8.000 Kali Lebih Cepat Dibanding 5G, 6G Bisa Ganggu Riset Astronomis

ANTARA FOTO/REUTERS/JASON LEE
Ilustrasi, seorang insinyur berdiri di bawah stasiun pangkalan antena 5G dalam sistem uji lapangan SG178 Huawei yang hampir membentuk bola di Pusat Manufaktur Songshan Lake di Dongguan, provinsi Guangdong, Tiongkok, Kamis (30/5/2019).
4/2/2020, 14.04 WIB

Jepang dan Tiongkok mulai mengembangkan jaringan internet generasi keenam (6G) yang diklaim 8 ribu kali lebih cepat dibanding 5G. Namun, 6G dianggap bisa mengganggu penelitian astronomis.

Dikutip dari Phone Arena, Kementerian Sains dan Teknologi Tiongkok menyiapkan penerapan 6G dalam beberapa tahun ke depan. Kementerian mengatakan bahwa kecepatan unduhan 6G bisa mencapai 1 Terabytes per detik (TBps) atau 1.000 Gigabytes per detik (Gbps).

Dosen Pusat Internet of Things (IoT) dan Telekomunikasi Universitas Sydney Mahyar Shirvanimoghaddam mengatakan, kecepatan itu 8.000 kali lebih cepat dibanding 5G. Dengan kecepatan 1 TBps, Anda bisa mengunduh 142 jam film dalam sedetik. Jika menggunakan 5G, butuh beberapa detik.

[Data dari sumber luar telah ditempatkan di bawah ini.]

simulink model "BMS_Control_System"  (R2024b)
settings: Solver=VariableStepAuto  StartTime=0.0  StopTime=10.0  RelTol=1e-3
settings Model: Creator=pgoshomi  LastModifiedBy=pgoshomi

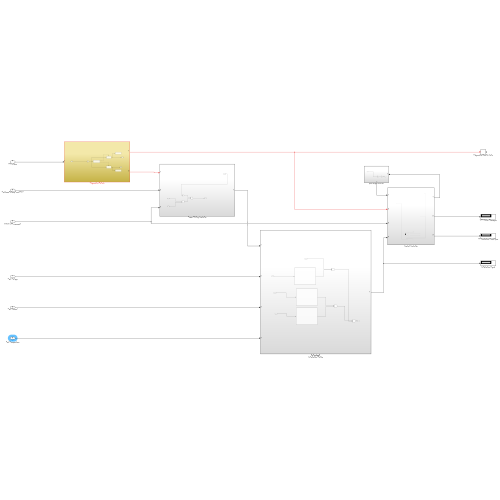
[thumbnail: Simulink's stored preview of the top-level diagram]
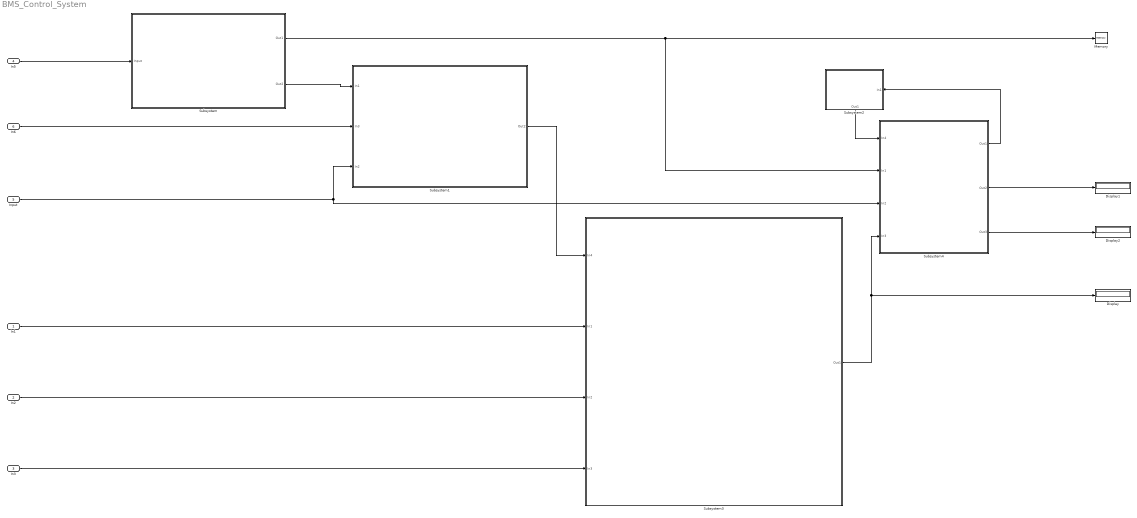
== system BMS_Control_System ==
  In1 : Inport  OutDataTypeStr=int8
      settings: AttributesFormatString=Pack Voltage
  In2 : Inport  Port=2
      settings: AttributesFormatString=Pack Current
  In3 : Inport  Port=3
      settings: AttributesFormatString=Pack Temperature
  In5 : Inport  Port=4
      settings: AttributesFormatString=HVIL status
  Input : Inport  Port=5
      settings: AttributesFormatString=EVCU CAN command
  In6 : Inport  Port=6
      settings: AttributesFormatString=HardwareWakeupFromEVCU
  Display : Display
      settings: AttributesFormatString=Initialization Signal
  Display1 : Display
      settings: AttributesFormatString=CAN Status Messages
  Display2 : Display
      settings: AttributesFormatString=HV Contactors Close/Open
  Memory : Memory
      settings: AttributesFormatString=Diagnostics/Trouble Code
  Subsystem : Subsystem
      settings: AttributesFormatString=Diagnostics Module
  Subsystem1 : Subsystem
      settings: AttributesFormatString=Power Moding Controller
  Subsystem2 : Subsystem
      settings: AttributesFormatString=prechargeController  PortSchema="{\"entries\":[{\"content\":{\"sides\":[{\"content\":{},\"type\":\"ConnectorPlacement.EquallySpacedRectSide\",\"uuid\":\"ab92245f-331b-4f4a-89ae-9b90f4abaae2\"},{\"content\":{\"connectorIds\":[\"In1\"],\"side\":\"RIGHT\"},\"type\":\"ConnectorPlacement.EquallySpacedRectSide\",\"uuid\":\"928ebfd6-5373-4512-94e5-162cfa91c5e4\"},{\"content\":{\"side\":\"TOP\"},\"type\":\"ConnectorPlacement.EquallySpacedRectSide\",\"uuid\":\"dc7d2ec8-a0b5-4d46-9e80-78af98197672\"},{\"content\":{\"connectorIds\":[\"Out1\"],\"side\":\"BOTTOM\"},\"type\":\"ConnectorPlacement.EquallySpacedRectSide\",\"uuid\":\"5f00ac33-258a-4d21-b1e0-e5a4b201fa67\"}]},\"type\":\"ConnectorPlacement.EquallySpacedConnector\",\"uuid\":\"5a2163c2-e595-4871-a7b7-df4990fbd52a\"}],\"packageUris\":[\"http://schema.mathworks.com/mf0/Connector/R2020b\"],\"version\":\"1.0\"}"
  Subsystem3 : Subsystem
      settings: AttributesFormatString=Initialisation Module
  Subsystem4 : Subsystem
      settings: AttributesFormatString=Contact Controller
  wires:
  In1/1 -> Subsystem3/2(In1)
  In2/1 -> Subsystem3/3(In2)
  In3/1 -> Subsystem3/4(In3)
  Subsystem/2(Out2) -> Subsystem1/1(In1)
  In6/1 -> Subsystem1/2(In3)
  Subsystem3/1(Out1) -> Subsystem4/4(In3), Display/1
  Subsystem1/1(Out2) -> Subsystem3/1(In4)
  Input/1 -> Subsystem1/3(In2), Subsystem4/3(In2)
  Subsystem/1(Out1) -> Memory/1, Subsystem4/2(In1)
  Subsystem2/1(Out1) -> Subsystem4/1(In4)
  Subsystem4/1(Out1) -> Subsystem2/1(In1)
  Subsystem4/2(Out2) -> Display1/1
  Subsystem4/3(Out3) -> Display2/1
  In5/1 -> Subsystem/1(Input)

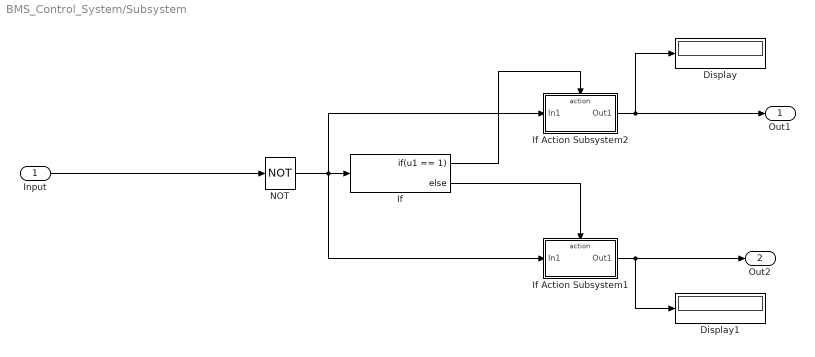
== system BMS_Control_System/Subsystem ==
  Input : Inport
  Display : Display
  Display1 : Display
  If : If  IfExpression=u1 == 1
  If Action Subsystem1 : Subsystem  TreatAsAtomicUnit=on
  If Action Subsystem2 : Subsystem  TreatAsAtomicUnit=on
  NOT : Logic  Operator=NOT  IconShape=distinctive  AllPortsSameDT=off  OutDataTypeStr=boolean
      settings: AttributesFormatString=Fault detector
  Out1 : Outport
  Out2 : Outport  Port=2
  wires:
  Input/1 -> NOT/1
  If/1 -> If Action Subsystem2/Action
  If/2 -> If Action Subsystem1/Action
  NOT/1 -> If/1, If Action Subsystem2/1(In1), If Action Subsystem1/1(In1)
  If Action Subsystem2/1(Out1) -> Display/1, Out1/1
  If Action Subsystem1/1(Out1) -> Display1/1, Out2/1

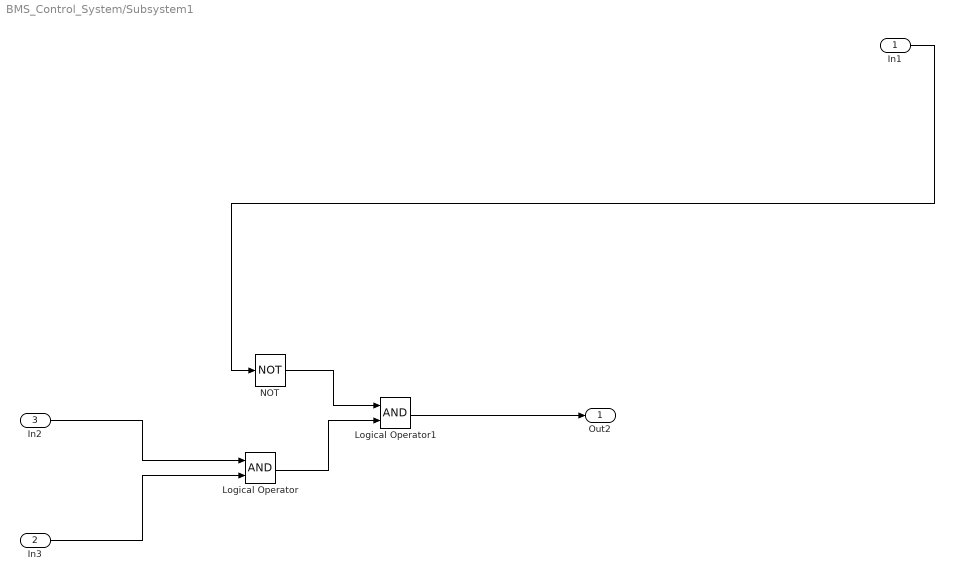
== system BMS_Control_System/Subsystem1 ==
  In1 : Inport
  In3 : Inport  Port=2
  In2 : Inport  Port=3
  Logical Operator : Logic  AllPortsSameDT=off  OutDataTypeStr=boolean
  Logical Operator1 : Logic  AllPortsSameDT=off  OutDataTypeStr=boolean
  NOT : Logic  Operator=NOT  IconShape=distinctive  AllPortsSameDT=off  OutDataTypeStr=boolean
  Out2 : Outport
  wires:
  In2/1 -> Logical Operator/1
  In3/1 -> Logical Operator/2
  Logical Operator1/1 -> Out2/1
  NOT/1 -> Logical Operator1/1
  In1/1 -> NOT/1
  Logical Operator/1 -> Logical Operator1/2

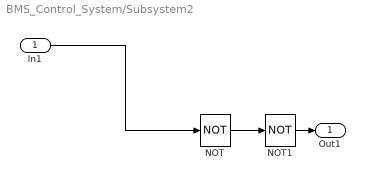
== system BMS_Control_System/Subsystem2 ==
  In1 : Inport
  NOT : Logic  Operator=NOT  IconShape=distinctive  AllPortsSameDT=off  OutDataTypeStr=boolean
  NOT1 : Logic  Operator=NOT  IconShape=distinctive  AllPortsSameDT=off  OutDataTypeStr=boolean
  Out1 : Outport
  wires:
  NOT1/1 -> Out1/1
  In1/1 -> NOT/1
  NOT/1 -> NOT1/1

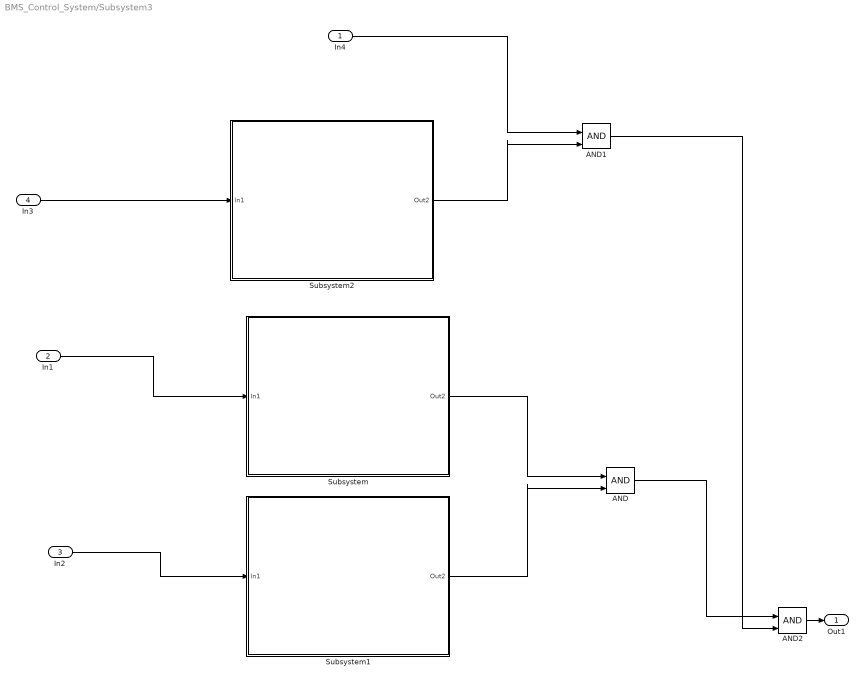
== system BMS_Control_System/Subsystem3 ==
  In4 : Inport
  In1 : Inport  Port=2
  In2 : Inport  Port=3
  In3 : Inport  Port=4
  AND : Logic  IconShape=distinctive  AllPortsSameDT=off  OutDataTypeStr=boolean
  AND1 : Logic  IconShape=distinctive  AllPortsSameDT=off  OutDataTypeStr=boolean
  AND2 : Logic  IconShape=distinctive  AllPortsSameDT=off  OutDataTypeStr=boolean
  Subsystem : Subsystem  Description=Voltage Validator
      settings: AttributesFormatString=Voltage Validator
  Subsystem1 : Subsystem
      settings: AttributesFormatString=Current Validator
  Subsystem2 : Subsystem
      settings: AttributesFormatString=Temparature Validator
  Out1 : Outport
  wires:
  AND2/1 -> Out1/1
  In2/1 -> Subsystem1/1(In1)
  AND/1 -> AND2/1
  Subsystem2/1(Out2) -> AND1/2
  Subsystem1/1(Out2) -> AND/2
  Subsystem/1(Out2) -> AND/1
  In1/1 -> Subsystem/1(In1)
  In3/1 -> Subsystem2/1(In1)
  AND1/1 -> AND2/2
  In4/1 -> AND1/1

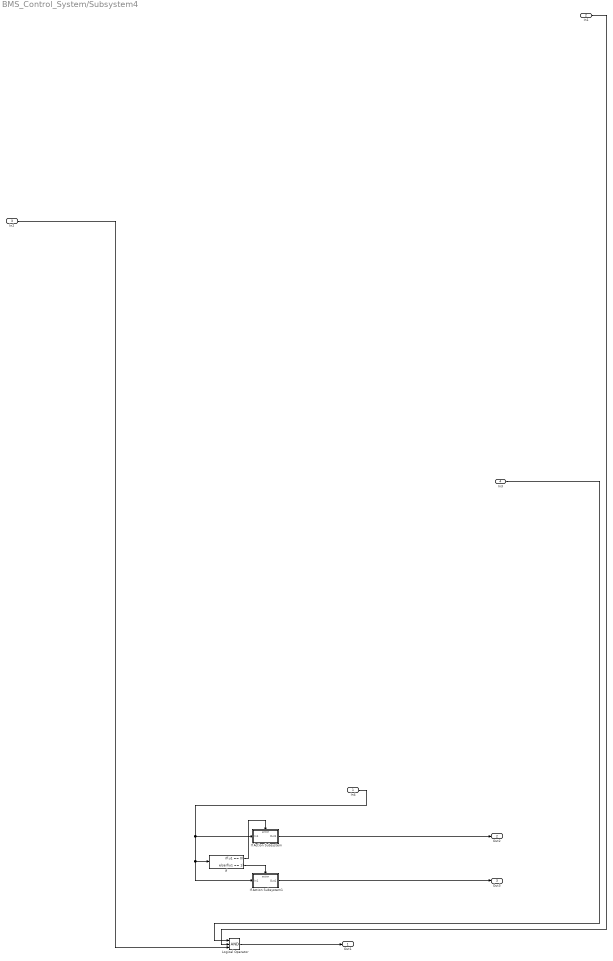
== system BMS_Control_System/Subsystem4 ==
  In4 : Inport
  In1 : Inport  Port=2
  In2 : Inport  Port=3
  In3 : Inport  Port=4
  If : If  IfExpression=u1 == 0  ElseIfExpressions=u1 == 1  ShowElse=off
  If Action Subsystem : Subsystem  TreatAsAtomicUnit=on
  If Action Subsystem1 : Subsystem  TreatAsAtomicUnit=on
  Logical Operator : Logic  Inputs=3  AllPortsSameDT=off  OutDataTypeStr=boolean
  Out1 : Outport
  Out2 : Outport  Port=2
  Out3 : Outport  Port=3
  wires:
  In2/1 -> Logical Operator/3
  In3/1 -> Logical Operator/1
  Logical Operator/1 -> Out1/1
  In1/1 -> Logical Operator/2
  If/1 -> If Action Subsystem/Action
  If Action Subsystem/1(Out1) -> Out2/1
  If/2 -> If Action Subsystem1/Action
  In4/1 -> If Action Subsystem1/1(In1), If/1, If Action Subsystem/1(In1)
  If Action Subsystem1/1(Out1) -> Out3/1

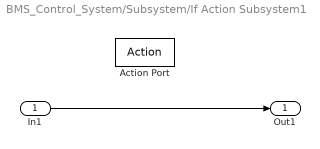
== system BMS_Control_System/Subsystem/If Action Subsystem1 ==
  In1 : Inport
  Action Port : ActionPort  ActionPortLabel=else
  Out1 : Outport
  wires:
  In1/1 -> Out1/1

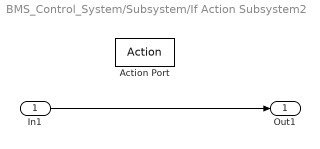
== system BMS_Control_System/Subsystem/If Action Subsystem2 ==
  In1 : Inport
  Action Port : ActionPort  ActionPortLabel=if(u1 == 1)
  Out1 : Outport
  wires:
  In1/1 -> Out1/1

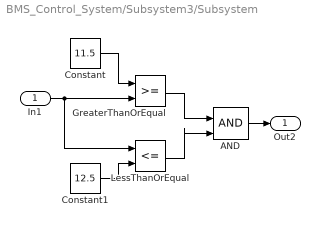
== system BMS_Control_System/Subsystem3/Subsystem ==
  In1 : Inport
  AND : Logic  Description=Validate if a value is in between a specified range  IconShape=distinctive  AllPortsSameDT=off  OutDataTypeStr=boolean
  Constant : Constant  Value=11.5
      settings: AttributesFormatString=lowerThreshold
  Constant1 : Constant  Value=12.5
      settings: AttributesFormatString=upperThreshold
  GreaterThanOrEqual : RelationalOperator  OutDataTypeStr=boolean  RndMeth=Simplest  InputSameDT=off
  LessThanOrEqual : RelationalOperator  Operator=<=  OutDataTypeStr=boolean  RndMeth=Simplest  InputSameDT=off
  Out2 : Outport  Description=Voltage Validator
  wires:
  AND/1 -> Out2/1
  GreaterThanOrEqual/1 -> AND/1
  LessThanOrEqual/1 -> AND/2
  In1/1 -> GreaterThanOrEqual/2, LessThanOrEqual/1
  Constant1/1 -> LessThanOrEqual/2
  Constant/1 -> GreaterThanOrEqual/1

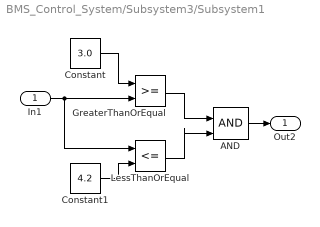
== system BMS_Control_System/Subsystem3/Subsystem1 ==
  In1 : Inport
  AND : Logic  Description=Validate if a value is in between a specified range  IconShape=distinctive  AllPortsSameDT=off  OutDataTypeStr=boolean
  Constant : Constant  Value=3.0
      settings: AttributesFormatString=lowerThreshold
  Constant1 : Constant  Value=4.2
      settings: AttributesFormatString=upperThreshold
  GreaterThanOrEqual : RelationalOperator  OutDataTypeStr=boolean  RndMeth=Simplest  InputSameDT=off
  LessThanOrEqual : RelationalOperator  Operator=<=  OutDataTypeStr=boolean  RndMeth=Simplest  InputSameDT=off
  Out2 : Outport  Description=Voltage Validator
  wires:
  AND/1 -> Out2/1
  GreaterThanOrEqual/1 -> AND/1
  LessThanOrEqual/1 -> AND/2
  In1/1 -> GreaterThanOrEqual/2, LessThanOrEqual/1
  Constant1/1 -> LessThanOrEqual/2
  Constant/1 -> GreaterThanOrEqual/1

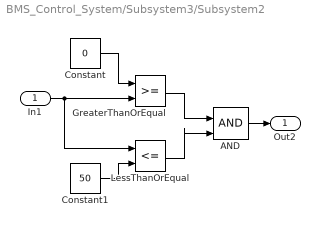
== system BMS_Control_System/Subsystem3/Subsystem2 ==
  In1 : Inport
  AND : Logic  Description=Validate if a value is in between a specified range  IconShape=distinctive  AllPortsSameDT=off  OutDataTypeStr=boolean
  Constant : Constant  Value=0
      settings: AttributesFormatString=lowerThreshold
  Constant1 : Constant  Value=50
      settings: AttributesFormatString=upperThreshold
  GreaterThanOrEqual : RelationalOperator  OutDataTypeStr=boolean  RndMeth=Simplest  InputSameDT=off
  LessThanOrEqual : RelationalOperator  Operator=<=  OutDataTypeStr=boolean  RndMeth=Simplest  InputSameDT=off
  Out2 : Outport  Description=Voltage Validator
  wires:
  AND/1 -> Out2/1
  GreaterThanOrEqual/1 -> AND/1
  LessThanOrEqual/1 -> AND/2
  In1/1 -> GreaterThanOrEqual/2, LessThanOrEqual/1
  Constant1/1 -> LessThanOrEqual/2
  Constant/1 -> GreaterThanOrEqual/1

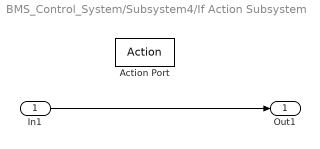
== system BMS_Control_System/Subsystem4/If Action Subsystem ==
  In1 : Inport
  Action Port : ActionPort  ActionPortLabel=if(u1 == 0)
  Out1 : Outport
  wires:
  In1/1 -> Out1/1

== system BMS_Control_System/Subsystem4/If Action Subsystem1 ==
  In1 : Inport
  Action Port : ActionPort  ActionPortLabel=elseif(u1 == 1)
  Out1 : Outport
  wires:
  In1/1 -> Out1/1

Ketua Wireless World Research Forum  Nigel Jefferies mengatakan, pengembangan 6G menggabungkan beberapa teknologi 5G. "Seperti sinyal terahertz, satelit, dan komunikasi cahaya tampak (visible light communication)," katanya dikutip dari The Phonm Penh Post, bulan lalu (7/1).

(Baca: Jepang Siap Gunakan 6G, Menteri Kominfo: RI Masih Fokus Matangkan 5G)

Gelombang sinyal 6G menempati pita spektrum 300GHz hingga 3 terahertz. Frekuensi itu lebih tinggi ketimbang 5G yang berada di antara 30-300GHz. Kecepatan itu berbanding lurus dengan spektrum frekuensi.

Generasi2G3G3G HSPA+4G4G LTE5G6G
Kecepatan maksimum0,3 Mbps7,2 Mbps42 Mbps150 Mbps300 Mbps- 1 Gbps1-10 Gbps1 TBps
Kecepata rata-rata0,1 Mbps1,5 Mbps5 Mbps10 Mbps15-50 Mbps50 Mbps and upn/a

Spektrum frekuensi super tinggi memiliki jangkauan yang lebih pendek, tetapi kapasitasnya besar. Jangkauan yang pendek itu menunjukkan kecepatan pengiriman dan besarnya kapasitas data yang dikirimkan.

Profesor riset di National Astronomical Observatories dari Chinese Academy of Sciences (CAS) dan Kepala Ilmuwan dari Tiongkok-Argentina Radio Telescope Li Jinzeng mengatakan, banyak teleskop yang bergantung pada frekuensi yang ditempati 6G. Padahal, teleskop itu digunakan untuk memeriksa kondisi alam semesta.

Karena itu, Jinzeng khawatir 6G akan mengganggu pengamatan astronomis. Karena frekuensinya super tinggi, ada kekhawatiran efek fisiologis dari radiasi elektromagnetik. 

(Baca: Radiasinya Dianggap Berbahaya, Jepang hingga Eropa Tetap Adopsi 5G)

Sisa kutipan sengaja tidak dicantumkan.